Disaster lessons: What you don't know can kill you

10/17/05

Something remarkable happened on the island closest to the epicenter of the great Sumatra-Andaman earthquake last December: Only seven of the island's 78,000 inhabitants died. This is despite the fact tsunamis hit the island only eight minutes after the quake, despite the destruction of many Simuelue villages, and despite the lack of an official tsunami warning system and little in the way of telecommunications.

Why were the lives of Simuelue islanders spared when all around the Indian Ocean, coastal villages, towns, and cities hit by the tsunamis experienced near-total annihilation? The answer, says Humboldt State University geology professor Lori Dengler, is knowledge.

"The single most important lesson for anyone anywhere is that what you know can save your life and what you don't know can kill you," said Dengler, who was part of an International Tsunami Survey Team of scientists that visited the tsunami destruction zones in April. What she and others discovered in the western coast of Aceh province, Simuelue and the Nias Islands of Indonesia is that there are a number of vital lessons emergency planners and every human being can learn from the 26 December 2004 Indian Ocean catastrophe.

Dengler is also a member of the Redwood Coast Working Group, an unfunded volunteer consensus planning and mitigation group. She presented some of her findings – with particular emphasis on their application to the U.S. and the earthquake and tsunami-prone Pacific Northwest – on Sunday, 16 October, at the annual meeting of the Geological Society of America at in Salt Lake City.

The knowledge the people of Simuelue had was simply this: Once in a while large earthquakes are followed by large killer waves, so it's always wise to run to high ground and wait a while, just in case.

"They have a long oral tradition that remembers what happened in 1907," said Dengler. That's the year Simuelue was last was struck by an earthquake-induced tsunami, she said. The survivors of that disaster learned their lesson and wisely didn't let their descendents forget it. "It doesn't matter that the information is a century old," said Dengler. "They don't ignore it. They take great pride in getting it perfectly. You don't fret about false alarms." They even have a word for the 1907 tsunami in their local language: "smong."
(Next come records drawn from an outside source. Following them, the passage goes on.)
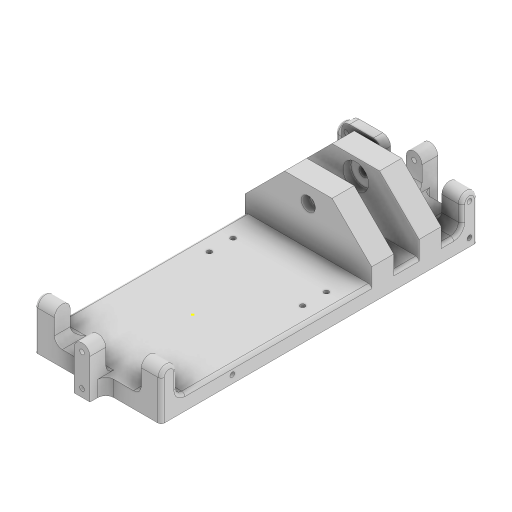
# Autodesk Inventor part: Base
Saved by Autodesk Inventor 2023 (Build 270158000, 158)
## iProperties
Created: 2023-10-18
Part Number: Base
Material: Generic
Document SubType Name: Modeling
Designer: MVeszpremi
Density: 1 g/cm^3
Appearance: Default
Author: MVeszpremi
Autodesk Inventor part; units mm, degrees
ref_plane "YZ Plane" through (0, 0, 0) normal (1, 0, 0) x (0, 1, 0)
ref_plane "XZ Plane" through (0, 0, 0) normal (0, 1, 0) x (-1, 0, 0)
ref_plane "XY Plane" through (0, 0, 0) normal (0, 0, 1) x (1, 0, 0)
sketch "Sketch1" plane through (0, 0, 0) normal (0, 1, 0) x (-1, 0, 0)
  line L0 (40, 60) -> (-40, 60)
  line L1 (-40, 60) -> (-40, -140)
  line L2 (-40, -140) -> (40, -140)
  line L3 (40, -140) -> (40, 60)
  line L4 (29.5, -40) -> (-29.5, -40)
  line L5 (-29.5, -40) -> (-29.5, -55)
  line L6 (-29.5, -55) -> (29.5, -55)
  line L7 (29.5, -55) -> (29.5, -40)
  circle A0 centre (29.5, -40) radius 1.55
  circle A1 centre (29.5, -55) radius 1.55
  circle A2 centre (-29.5, -55) radius 1.55
  circle A3 centre (-29.5, -40) radius 1.55
  point P0 (0, 0)
  dimension "d0" = 40
  dimension "d1" = 80
  dimension "d2" = 59
  dimension "d3" = 15
  dimension "d4" = 29.5
  dimension "d5" = 200
  dimension "d6" = 100
  dimension "d7" = 60
  dimension "d8" = 3.1
  dimension "d9" = 3.1
  dimension "d10" = 3.1
  dimension "d11" = 3.1
  constraints: 16 end point, 4 centre point, 4 coincident, 4 parallel, 2 horizontal, 2 perpendicular
  measures "d0" distance from line of L3 point (0, 0)
  measures "d1" distance of L0.start L0.end
  measures "d2" distance of L4.start L4.end
  measures "d3" distance of L6.end L4.start
  measures "d4" distance from line of point (0, 0) L7
  measures "d5" distance of L2.end L0.start
  measures "d6" distance between parallel lines of L0 L4
  measures "d7" distance from line of L0 point (0, 0)
  measures "d8" diameter of A0
  measures "d9" diameter of A1
  measures "d10" diameter of A3
  measures "d11" diameter of A2
extrude "Extrusion1" add sketch "Sketch1" along normal blind 10 contours L3 L2 L1 L0 | L4 A0 L7 A1 L6 A2 L5 A3
sketch "Sketch2" plane through (0, 0, 0) normal (0, -1, 0) x (1, 0, 0)
  circle A0 centre (29.5, -40) radius 1.55 projected
  line L0 (26.1802, -40) -> (27.8401, -37.125)
  line L1 (27.8401, -37.125) -> (31.1599, -37.125)
  line L2 (31.1599, -37.125) -> (32.8198, -40)
  line L3 (32.8198, -40) -> (31.1599, -42.875)
  line L4 (31.1599, -42.875) -> (27.8401, -42.875)
  line L5 (27.8401, -42.875) -> (26.1802, -40)
  circle A1 centre (29.5, -55) radius 1.55 projected
  line L6 (26.1802, -55) -> (27.8401, -52.125)
  line L7 (27.8401, -52.125) -> (31.1599, -52.125)
  line L8 (31.1599, -52.125) -> (32.8198, -55)
  line L9 (32.8198, -55) -> (31.1599, -57.875)
  line L10 (31.1599, -57.875) -> (27.8401, -57.875)
  line L11 (27.8401, -57.875) -> (26.1802, -55)
  line L12 (0, 0) -> (0, -8.5625)
  circle A2 centre (-29.5, -40) radius 1.55
  line L13 (-26.1802, -40) -> (-27.8401, -37.125)
  line L14 (-27.8401, -37.125) -> (-31.1599, -37.125)
  line L15 (-31.1599, -37.125) -> (-32.8198, -40)
  line L16 (-32.8198, -40) -> (-31.1599, -42.875)
  line L17 (-31.1599, -42.875) -> (-27.8401, -42.875)
  line L18 (-27.8401, -42.875) -> (-26.1802, -40)
  circle A3 centre (-29.5, -55) radius 1.55
  line L19 (-26.1802, -55) -> (-27.8401, -52.125)
  line L20 (-27.8401, -52.125) -> (-31.1599, -52.125)
  line L21 (-31.1599, -52.125) -> (-32.8198, -55)
  line L22 (-32.8198, -55) -> (-31.1599, -57.875)
  line L23 (-31.1599, -57.875) -> (-27.8401, -57.875)
  line L24 (-27.8401, -57.875) -> (-26.1802, -55)
  point P0 (29.5, -42.875)
  point P1 (29.5, -37.125)
  point P2 (-29.5, -42.875)
  point P3 (-29.5, -37.125)
  dimension "d14" = 5.75
  dimension "d15" = 5.75
  constraints: 50 end point, 18 symmetric about line, 4 coincident, 2 centre point, 2 midpoint, 1 vertical, 28 other
  measures "d14" distance of point (29.5, -42.875) point (29.5, -37.125)
  measures "d15" distance between parallel lines of L10 L7
extrude "Extrusion2" cut sketch "Sketch2" against normal blind 3.5 contours A0 | L0 L1 L2 L3 L4 L5 | A1 | L6 L7 L8 L9 L10 L11 | A2 | L18 L17 L16 L15 L14 L13 | A3 | L24 L23 L22 L21 L20 L19
sketch "Sketch3" plane through (0, 10, 0) normal (0, 1, 0) x (1, 0, 0)
  line L0 (-40, 140) -> (-40, -60) projected
  line L1 (40, -60) -> (40, 140) projected
  line L2 (-40, 73.125) -> (40, 73.125)
  line L3 (40, 73.125) -> (40, 87.125)
  line L4 (40, 87.125) -> (-40, 87.125)
  line L5 (-40, 87.125) -> (-40, 73.125)
  circle A0 centre (-29.5, 55) radius 1.55 projected
  line L6 (-40, 140) -> (-40, -60) projected
  line L7 (40, 103.125) -> (-40, 103.125)
  line L8 (-40, 103.125) -> (-40, 117.125)
  line L9 (-40, 117.125) -> (40, 117.125)
  line L10 (40, 117.125) -> (40, 103.125)
  point P0 (0, 0)
  point P1 (-40, 87.125)
  point P2 (40, 73.125)
  point P3 (-40, 117.125)
  point P4 (-40, 103.125)
  dimension "d18" = 18.125
  dimension "d19" = 14
  dimension "d32" = 16
  dimension "d33" = 14
  constraints: 16 end point, 4 parallel, 4 point on line, 2 horizontal, 2 perpendicular
  measures "d18" distance from line of L2 A0.centre
  measures "d19" distance between parallel lines of L4 L2
  measures "d32" distance between parallel lines of L7 L4
  measures "d33" distance between parallel lines of L9 L7
extrude "Extrusion3" add sketch "Sketch3" along normal blind 35 contours L9 L1 L7 L0 | L4 L1 L2 L0
sketch "Sketch4" plane through (40, 10, -87.125) normal (0, 0, -1) x (-1, 0, 0)
  circle A0 centre (40, 24.5) radius 8.125
  line L0 (0, 0) -> (80, 0) projected
  circle A1 centre (40, 24.5) radius 3
  point P0 (40, -10)
  point P1 (40, 0)
  dimension "d22" = 16.25
  dimension "d23" = 24.5
  dimension "d24" = 6
  constraints: 2 centre point, 1 coincident, 1 midpoint
  measures "d22" diameter of A0
  measures "d23" distance of point (40, 0) A0.centre
  measures "d24" diameter of A1
extrude "Extrusion4" cut sketch "Sketch4" along normal blind 40 and the other way blind 20 contours A1
extrude "Extrusion5" cut sketch "Sketch4" along normal blind 21 and the other way blind 5
chamfer "Chamfer1" distance 25 angle 45 4 edges at (40, 45, -80.125) (-40, 45, -80.125) (40, 45, -110.125) (-40, 45, -110.125)
sketch "Sketch5" plane through (-40, 10, -73.125) normal (0, 0, 1) x (1, 0, 0)
  circle A0 centre (40, 24.5) radius 3 projected
  circle A1 centre (40, 24.5) radius 4.5
  point P0 (40, -10)
  dimension "d38" = 9
  constraints: 1 centre point, 1 coincident
  measures "d38" diameter of A1
extrude "Extrusion6" cut sketch "Sketch5" against normal blind 5
ref_plane "Work Plane1" through (-40, 10, -110.125) normal (0, 0, 1) x (1, 0, 0)
mirror "Mirror1" about plane through (-40, 10, -110.125) normal (0, 0, 1) of "Extrusion5"
sketch "Sketch6" plane through (-40, 0, -140) normal (-1, 0, 0) x (0, 0, 1)
  point P0 (140, 0)
sketch "Sketch7" plane through (-40, 0, -140) normal (-1, 0, 0) x (0, 0, 1)
  line L0 (0, 0) -> (0, 10) projected
  line L1 (0, 10) -> (10, 10)
  line L2 (10, 10) -> (10, 30)
  line L3 (10, 30) -> (0, 30)
  line L4 (0, 30) -> (0, 10)
  line L5 (200, 10) -> (66.875, 10) projected
  line L6 (200, 10) -> (190, 10)
  line L7 (190, 10) -> (190, 30)
  line L8 (190, 30) -> (200, 30)
  line L9 (200, 30) -> (200, 10)
  circle A0 centre (5, 25) radius 1.5
  circle A1 centre (155, 25) radius 1.5
  point P0 (140, 0)
  point P1 (190, 10)
  dimension "d41" = 150
  dimension "d42" = 5
  dimension "d43" = 20
  dimension "d44" = 10
  dimension "d45" = 3
  dimension "d46" = 10
  dimension "d47" = 20
  dimension "d48" = 3
  dimension "d51" = 15
  dimension "d52" = 15
  constraints: 16 end point, 4 parallel, 2 centre point, 2 horizontal, 2 perpendicular
  measures "d41" distance of A1.centre A0.centre
  measures "d42" distance from line of L0 A0.centre
  measures "d43" distance of L6.end L7.end
  measures "d44" distance of L7.end L8.end
  measures "d45" diameter of A1
  measures "d46" distance of L2.end L3.end
  measures "d47" distance of L1.end L2.end
  measures "d48" diameter of A0
  measures "d51" distance from line of L5 A1.centre
  measures "d52" distance from line of L1 A0.centre
extrude "Extrusion7" add sketch "Sketch7" against normal blind 12.5 contours L4 L3 L2 L1 | L5 L7 L8 L9
ref_plane "Work Plane2" through (0, 0, -140) normal (-1, 0, 0) x (0, 0, 1)
mirror "Mirror2" about plane through (0, 0, -140) normal (-1, 0, 0) of "Extrusion7"
sketch "Sketch8" plane through (-40, 0, -140) normal (-1, 0, 0) x (0, 0, 1)
  circle A0 centre (5, 5) radius 1.5
  circle A1 centre (155, 5) radius 1.5
  line L0 (0, 0) -> (0, 30) projected
  line L1 (0, 0) -> (200, 0) projected
  point P0 (140, 0)
  dimension "d53" = 150
  dimension "d54" = 5
  dimension "d55" = 5
  dimension "d56" = 3
  dimension "d57" = 3
  constraints: 2 centre point, 1 horizontal alignment
  measures "d53" distance of A1.centre A0.centre
  measures "d54" distance from line of L0 A0.centre
  measures "d55" distance from line of L1 A0.centre
  measures "d56" diameter of A0
  measures "d57" diameter of A1
extrude "Extrusion8" cut sketch "Sketch8" against normal blind 15
mirror "Mirror3" about plane through (0, 0, -140) normal (-1, 0, 0) of "Extrusion8"
sketch "Sketch9" plane through (-40, 0, 60) normal (0, 0, 1) x (1, 0, 0)
  line L0 (0, 0) -> (80, 0) projected
  line L1 (35, 0) -> (45, 0)
  line L2 (45, 0) -> (45, 30)
  line L3 (45, 30) -> (35, 30)
  line L4 (35, 30) -> (35, 0)
  circle A0 centre (40, 25) radius 1.5
  circle A1 centre (40, 5) radius 1.5
  point P0 (40, 0)
  point P1 (40, 0)
  point P2 (40, 0)
  point P3 (40, 0)
  dimension "d60" = 5
  dimension "d61" = 5
  dimension "d62" = 30
  dimension "d63" = 5
  dimension "d64" = 20
  dimension "d65" = 3
  dimension "d66" = 3
  constraints: 8 end point, 3 midpoint, 2 centre point, 2 parallel, 1 horizontal, 1 perpendicular, 1 point on line
  measures "d60" distance from line of L4 point (40, 0)
  measures "d61" distance from line of point (40, 0) L2
  measures "d62" distance of L1.end L2.end
  measures "d63" distance of point (40, 0) A1.centre
  measures "d64" distance of A1.centre A0.centre
  measures "d65" diameter of A0
  measures "d66" diameter of A1
extrude "Extrusion9" add sketch "Sketch9" along normal blind 10
ref_plane "Work Plane3" through (40, 0, -40) normal (0, 0, -1) x (-1, 0, 0)
mirror "Mirror4" about plane through (40, 0, -40) normal (0, 0, -1) of "Extrusion9"
fillet "Fillet1" radius 5 26 edges at (5, 5, 60) (-5, 5, 60) (-5, 30, 65) (5, 30, 65) (-33.75, 30, 60) (-33.75, 30, 50) (33.75, 30, 60) (33.75, 30, 50) (27.5, 10, 55) (-27.5, 10, 55) (33.75, 10, 50) (-33.75, 10, 50) (33.75, 30, -140) (33.75, 30, -130) (33.75, 10, -130) (5, 30, -145) (-5, 30, -145) (0, 10, -140) (0, 10, 60) (-5, 5, -140) (5, 5, -140) (-27.5, 10, -135) (-33.75, 30, -140) (-33.75, 30, -130) (-33.75, 10, -130) (27.5, 10, -135)
fillet "Fillet2" radius 2 22 edges at (-40, 11.4645, 48.5355) (-40, 20, 50) (-40, 30, 55) (-40, 12.5, 60) (-40, 10, -14.0625) (-40, 10, -95.125) (-40, 11.4645, -128.5355) (-40, 20, -130) (-40, 30, -135) (-40, 12.5, -140) (-40, 10, -121.0625) (40, 11.4645, 48.5355) (40, 20, 50) (40, 30, 55) (40, 12.5, 60) (40, 10, -14.0625) (40, 10, -95.125) (40, 11.4645, -128.5355) (40, 20, -130) (40, 30, -135) (40, 12.5, -140) (40, 10, -121.0625)
sketch "Sketch10" plane through (0, 10, 0) normal (0, 1, 0) x (1, 0, 0)
  point P0 (0, 0)
sketch "Sketch11" plane through (0, 10, 0) normal (0, 1, 0) x (1, 0, 0)
  line L0 (-5, 124.125) -> (-30, 124.125)
  line L1 (-30, 124.125) -> (-30, 130.125)
  line L2 (-30, 130.125) -> (-5, 130.125)
  line L3 (-5, 130.125) -> (-5, 124.125)
  line L4 (15, 117.125) -> (-15, 117.125) projected
  point P0 (0, 0)
  dimension "d71" = 5
  dimension "d72" = 25
  dimension "d73" = 6
  dimension "d76" = 7
  constraints: 8 end point, 2 parallel, 1 horizontal, 1 perpendicular
  measures "d71" horizontal distance of L2.end point (0, 0)
  measures "d72" distance of L0.start L0.end
  measures "d73" distance of L0.end L1.end
  measures "d76" distance between parallel lines of L4 L0
extrude "Extrusion10" add sketch "Sketch11" along normal blind 30
sketch "Sketch12" plane through (-5, 10, -130.125) normal (0, 0, -1) x (-1, 0, 0)
  circle A0 centre (3, 24.5) radius 1.5
  circle A1 centre (22, 24.5) radius 1.5
  line L0 (0, 30) -> (25, 30) projected
  line L1 (12.5, 30) -> (12.5, 24.5)
  circle A2 centre (-5, 24.5) radius 3 projected
  line L2 (8.5, 28) -> (16.5, 28)
  line L3 (16.5, 28) -> (16.5, 21)
  line L4 (16.5, 21) -> (8.5, 21)
  line L5 (8.5, 21) -> (8.5, 28)
  point P0 (-5, -10)
  point P1 (12.5, 27.25)
  dimension "d77" = 3
  dimension "d78" = 3
  dimension "d79" = 9.5
  dimension "d80" = 9.5
  dimension "d81" = 7
  dimension "d82" = 2
  dimension "d83" = 8
  dimension "d84" = 4
  constraints: 10 end point, 2 centre point, 2 horizontal alignment, 2 midpoint, 2 parallel, 1 horizontal, 1 perpendicular, 1 vertical
  measures "d77" diameter of A0
  measures "d78" diameter of A1
  measures "d79" distance from line of L1 A0.centre
  measures "d80" distance from line of A1.centre L1
  measures "d81" distance of L4.end L2.start
  measures "d82" distance between parallel lines of L0 L2
  measures "d83" distance of L2.start L2.end
  measures "d84" distance from line of point (12.5, 27.25) L5
extrude "Extrusion11" cut sketch "Sketch12" against normal blind 6 contours A0 | A1
extrude "Extrusion12" cut sketch "Sketch12" against normal blind 4 contours L2 L3 L4 L5
fillet "Fillet3" radius 5 2 edges at (-5, 40, -127.125) (-30, 40, -127.125)
body "Solid1"

In stark contrast, the populations of other coastal areas where there was far more time between the quake and the tsunami's arrival to respond were nearly wiped out. "The west coast of Indonesia had fifteen to twenty minutes of warning time and had casualty rates upwards of ninety percent," Dengler said. "It was absolutely horrific." Survivors interviewed in those places had little or no knowledge of tsunamis or what caused them before the disaster, she said.

The Simuelue story was reenacted that day in other places around the Indian Ocean. A merchant marine in a Sri Lankan fishing village remembered the near-shore signs of an approaching tsunami from years ago when he witnessed another in Chile. His warning saved hundreds of lives. Near Phuket in Thailand, a 10-year-old English girl on holiday with her family remembered a geography lesson covering tsunamis given two weeks earlier. She also recognized the danger and is credited for saving at least 100 lives, including her own.

Yet other coastal communities received calls warning them of the coming wave, said Dengler, but the warnings were not understood and were not heeded. The tragedy underlines a problem that's often overlooked by the public and even emergency planners: A warning is of little use if the public doesn't understand how to respond to it.

That message was driven home more recently in California on 14 June, when a 7.2 earthquake jolted the ocean floor off Northern California. A tsunami warning was issued within five minutes of the quake, said Dengler. "From that point it was complete chaos," she said. People just didn't know how to respond. Luckily, there was no tsunami after that earthquake.

The lessons from the Indian Ocean are clear: the answer is planning and public education.